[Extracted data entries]
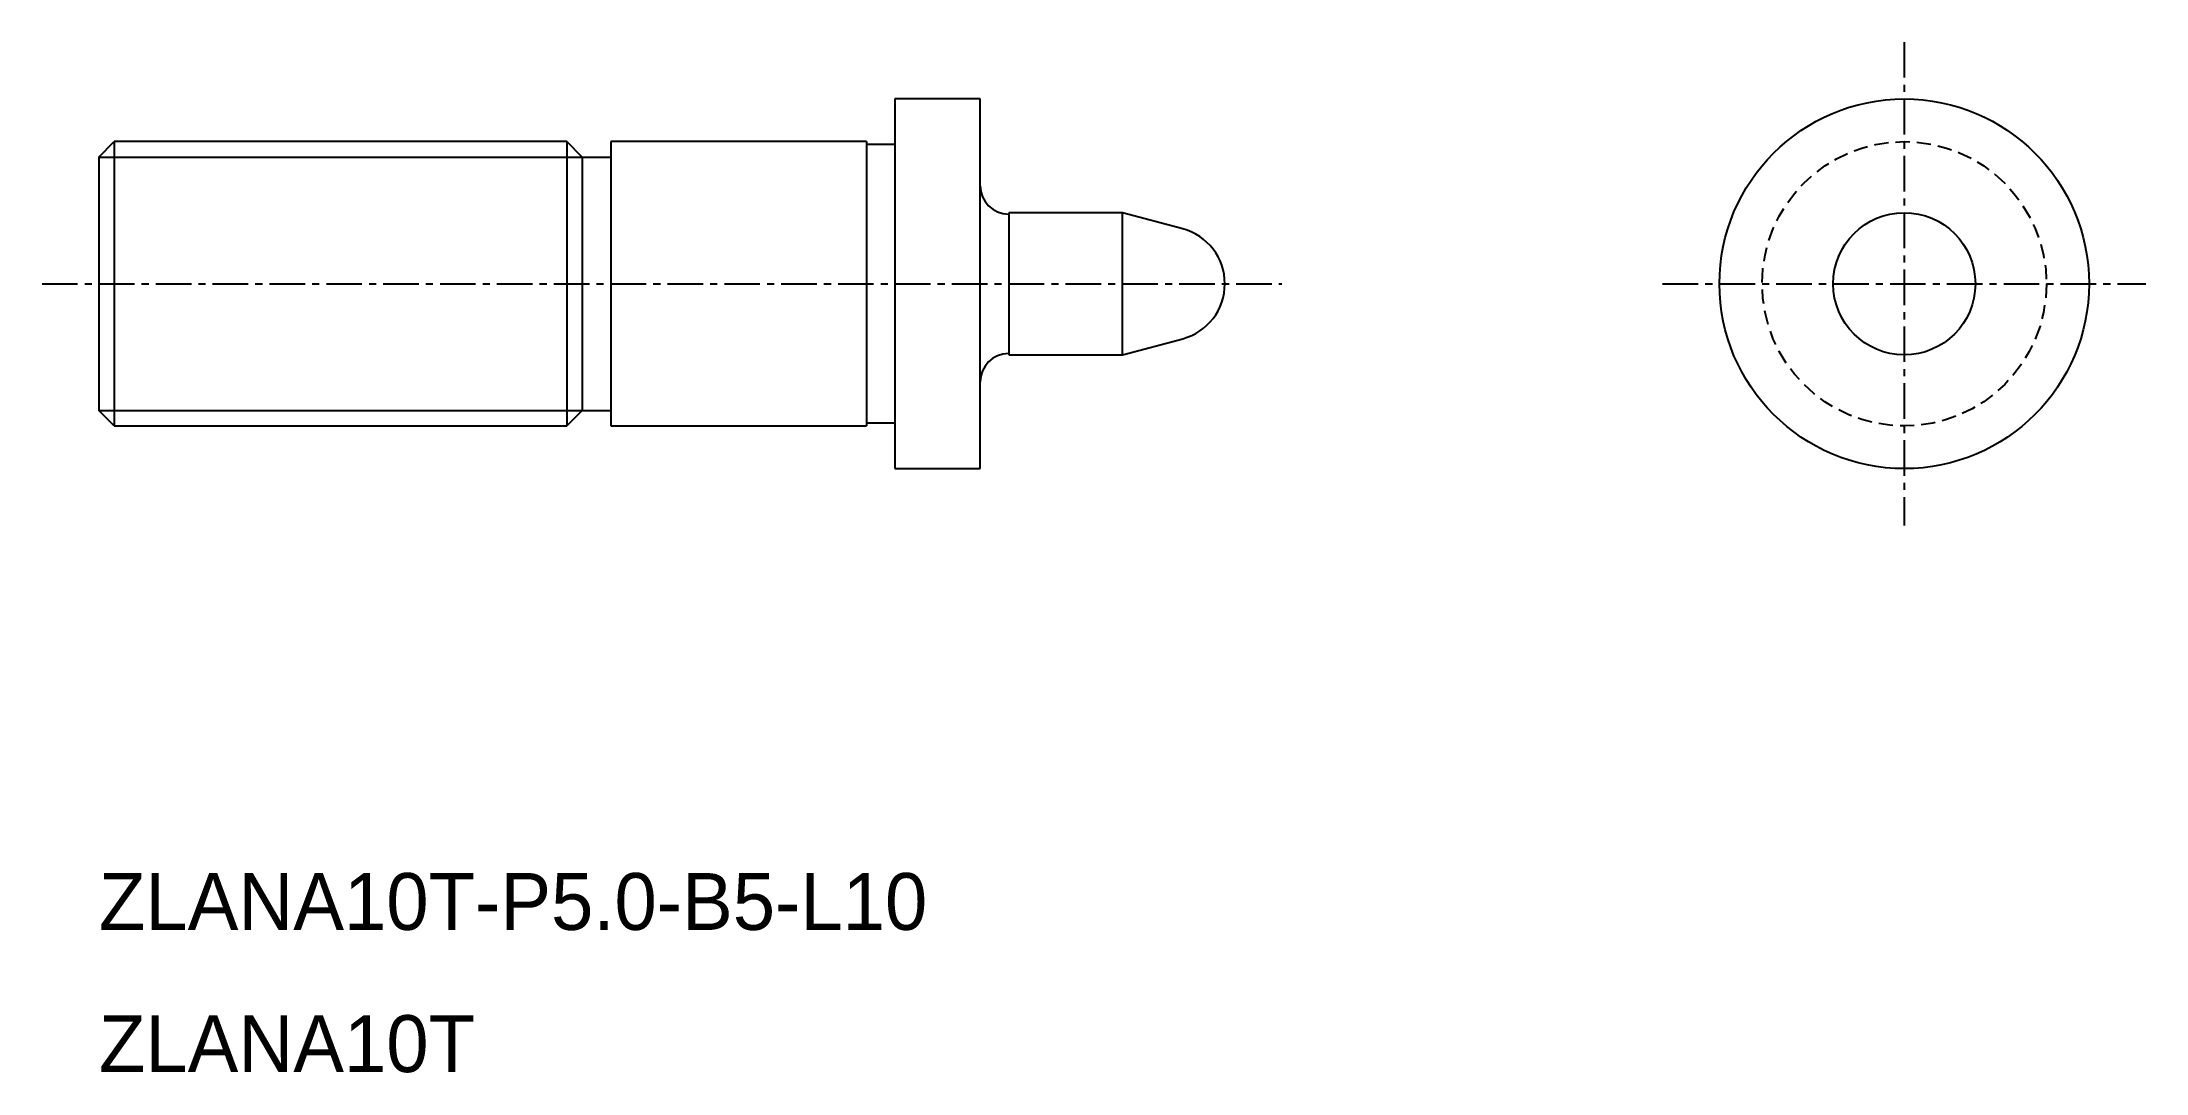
# Model space of a CAD drawing. Extents: x -1629.6 to -1555.6, y -81.3 to -45.
import ezdxf

# ---------------------------------------------------------------- set-up
doc = ezdxf.new("R2010")
doc.units = 0
doc.linetypes.add('CENTER', pattern=[2, 1.25, -0.25, 0.25, -0.25])
doc.linetypes.add('DASHED', pattern=[0.75, 0.5, -0.25])
doc.layers.get('0').update_dxf_attribs({"linetype": 'CONTINUOUS'})
doc.layers.add('CENTER', color=1, linetype='CENTER')

msp = doc.modelspace()

# ---------------------------------------------------------------- linework, layer by layer
at = {"color": 7, "linetype": 'CONTINUOUS'}
for p, q in [((-1596.649, -47.029), (-1599.649, -47.029)), ((-1599.649, -47.029), (-1599.649, -60.029)), ((-1596.649, -60.029), (-1596.649, -47.029)), ((-1627.649, -49.071), (-1627.108, -48.529)), ((-1627.108, -48.529), (-1627.108, -58.529)), ((-1611.191, -48.529), (-1627.108, -48.529)), ((-1611.191, -48.529), (-1611.191, -58.529)), ((-1610.649, -49.071), (-1611.191, -48.529)), ((-1600.649, -48.529), (-1609.649, -48.529)), ((-1609.649, -48.529), (-1609.649, -58.529)), ((-1600.649, -48.529), (-1600.649, -58.529)), ((-1599.649, -48.629), (-1600.649, -48.629)), ((-1627.649, -49.071), (-1627.649, -57.988)), ((-1610.649, -49.071), (-1609.649, -49.071)), ((-1610.649, -49.071), (-1610.649, -57.988)), ((-1591.649, -51.029), (-1595.649, -51.029)), ((-1595.649, -51.029), (-1595.649, -56.029)), ((-1591.649, -56.029), (-1591.649, -51.029)), ((-1589.529, -51.597), (-1591.649, -51.029)), ((-1591.649, -56.029), (-1589.529, -55.461)), ((-1595.649, -56.029), (-1591.649, -56.029)), ((-1627.108, -58.529), (-1627.649, -57.988)), ((-1611.191, -58.529), (-1610.649, -57.988)), ((-1610.649, -57.988), (-1609.649, -57.988)), ((-1599.649, -58.429), (-1600.649, -58.429)), ((-1627.108, -58.529), (-1611.191, -58.529)), ((-1609.649, -58.529), (-1600.649, -58.529)), ((-1599.649, -60.029), (-1596.649, -60.029))]:
    msp.add_line(p, q, dxfattribs=at)
at = {"color": 3, "linetype": 'CONTINUOUS'}
for p, q in [((-1627.649, -49.071), (-1610.649, -49.071)), ((-1627.649, -57.988), (-1610.649, -57.988))]:
    msp.add_line(p, q, dxfattribs=at)
at = {"color": 7, "linetype": 'CONTINUOUS'}
for radius in [6.5, 2.5]:
    msp.add_circle((-1564.149, -53.529), radius, dxfattribs=at)
at = {"color": 3, "linetype": 'DASHED'}
msp.add_circle((-1564.149, -53.529), 5, dxfattribs=at)
at = {"color": 7}
for centre, start, end in [((-1595.649, -50.079), 180, 270), ((-1595.649, -56.979), 90, 180)]:
    msp.add_arc(centre, 1, start, end, dxfattribs=at)
at = {"color": 7, "linetype": 'CONTINUOUS'}
msp.add_arc((-1590.046, -53.529), 2, 285, 75, dxfattribs=at)
at = {"layer": 'CENTER', "color": 1, "linetype": 'CENTER'}
for p, q in [((-1564.149, -45.029), (-1564.149, -62.029)), ((-1629.649, -53.529), (-1586.046, -53.529)), ((-1572.649, -53.529), (-1555.649, -53.529))]:
    msp.add_line(p, q, dxfattribs=at)

# ---------------------------------------------------------------- texts
at = {"color": 7, "linetype": 'CONTINUOUS'}
for s, p in [('ZLANA10T-P5.0-B5-L10', (-1627.649, -76.25)), ('ZLANA10T', (-1627.649, -81.25))]:
    msp.add_text(s, height=2, dxfattribs=at).set_placement(p)

doc.saveas('drawing.dxf')

* _Task goal_
Copy the records word for word, leaving no picture in the copy.

* _Solved exercise_
# Model space of a CAD drawing. Extents: x -1629.6 to -1555.6, y -81.3 to -45.
import ezdxf

# ---------------------------------------------------------------- set-up
doc = ezdxf.new("R2010")
doc.units = 0
doc.linetypes.add('CENTER', pattern=[2, 1.25, -0.25, 0.25, -0.25])
doc.linetypes.add('DASHED', pattern=[0.75, 0.5, -0.25])
doc.layers.get('0').update_dxf_attribs({"linetype": 'CONTINUOUS'})
doc.layers.add('CENTER', color=1, linetype='CENTER')

msp = doc.modelspace()

# ---------------------------------------------------------------- linework, layer by layer
at = {"color": 7, "linetype": 'CONTINUOUS'}
for p, q in [((-1596.649, -47.029), (-1599.649, -47.029)), ((-1599.649, -47.029), (-1599.649, -60.029)), ((-1596.649, -60.029), (-1596.649, -47.029)), ((-1627.649, -49.071), (-1627.108, -48.529)), ((-1627.108, -48.529), (-1627.108, -58.529)), ((-1611.191, -48.529), (-1627.108, -48.529)), ((-1611.191, -48.529), (-1611.191, -58.529)), ((-1610.649, -49.071), (-1611.191, -48.529)), ((-1600.649, -48.529), (-1609.649, -48.529)), ((-1609.649, -48.529), (-1609.649, -58.529)), ((-1600.649, -48.529), (-1600.649, -58.529)), ((-1599.649, -48.629), (-1600.649, -48.629)), ((-1627.649, -49.071), (-1627.649, -57.988)), ((-1610.649, -49.071), (-1609.649, -49.071)), ((-1610.649, -49.071), (-1610.649, -57.988)), ((-1591.649, -51.029), (-1595.649, -51.029)), ((-1595.649, -51.029), (-1595.649, -56.029)), ((-1591.649, -56.029), (-1591.649, -51.029)), ((-1589.529, -51.597), (-1591.649, -51.029)), ((-1591.649, -56.029), (-1589.529, -55.461)), ((-1595.649, -56.029), (-1591.649, -56.029)), ((-1627.108, -58.529), (-1627.649, -57.988)), ((-1611.191, -58.529), (-1610.649, -57.988)), ((-1610.649, -57.988), (-1609.649, -57.988)), ((-1599.649, -58.429), (-1600.649, -58.429)), ((-1627.108, -58.529), (-1611.191, -58.529)), ((-1609.649, -58.529), (-1600.649, -58.529)), ((-1599.649, -60.029), (-1596.649, -60.029))]:
    msp.add_line(p, q, dxfattribs=at)
at = {"color": 3, "linetype": 'CONTINUOUS'}
for p, q in [((-1627.649, -49.071), (-1610.649, -49.071)), ((-1627.649, -57.988), (-1610.649, -57.988))]:
    msp.add_line(p, q, dxfattribs=at)
at = {"color": 7, "linetype": 'CONTINUOUS'}
for radius in [6.5, 2.5]:
    msp.add_circle((-1564.149, -53.529), radius, dxfattribs=at)
at = {"color": 3, "linetype": 'DASHED'}
msp.add_circle((-1564.149, -53.529), 5, dxfattribs=at)
at = {"color": 7}
for centre, start, end in [((-1595.649, -50.079), 180, 270), ((-1595.649, -56.979), 90, 180)]:
    msp.add_arc(centre, 1, start, end, dxfattribs=at)
at = {"color": 7, "linetype": 'CONTINUOUS'}
msp.add_arc((-1590.046, -53.529), 2, 285, 75, dxfattribs=at)
at = {"layer": 'CENTER', "color": 1, "linetype": 'CENTER'}
for p, q in [((-1564.149, -45.029), (-1564.149, -62.029)), ((-1629.649, -53.529), (-1586.046, -53.529)), ((-1572.649, -53.529), (-1555.649, -53.529))]:
    msp.add_line(p, q, dxfattribs=at)

# ---------------------------------------------------------------- texts
at = {"color": 7, "linetype": 'CONTINUOUS'}
for s, p in [('ZLANA10T-P5.0-B5-L10', (-1627.649, -76.25)), ('ZLANA10T', (-1627.649, -81.25))]:
    msp.add_text(s, height=2, dxfattribs=at).set_placement(p)

doc.saveas('drawing.dxf')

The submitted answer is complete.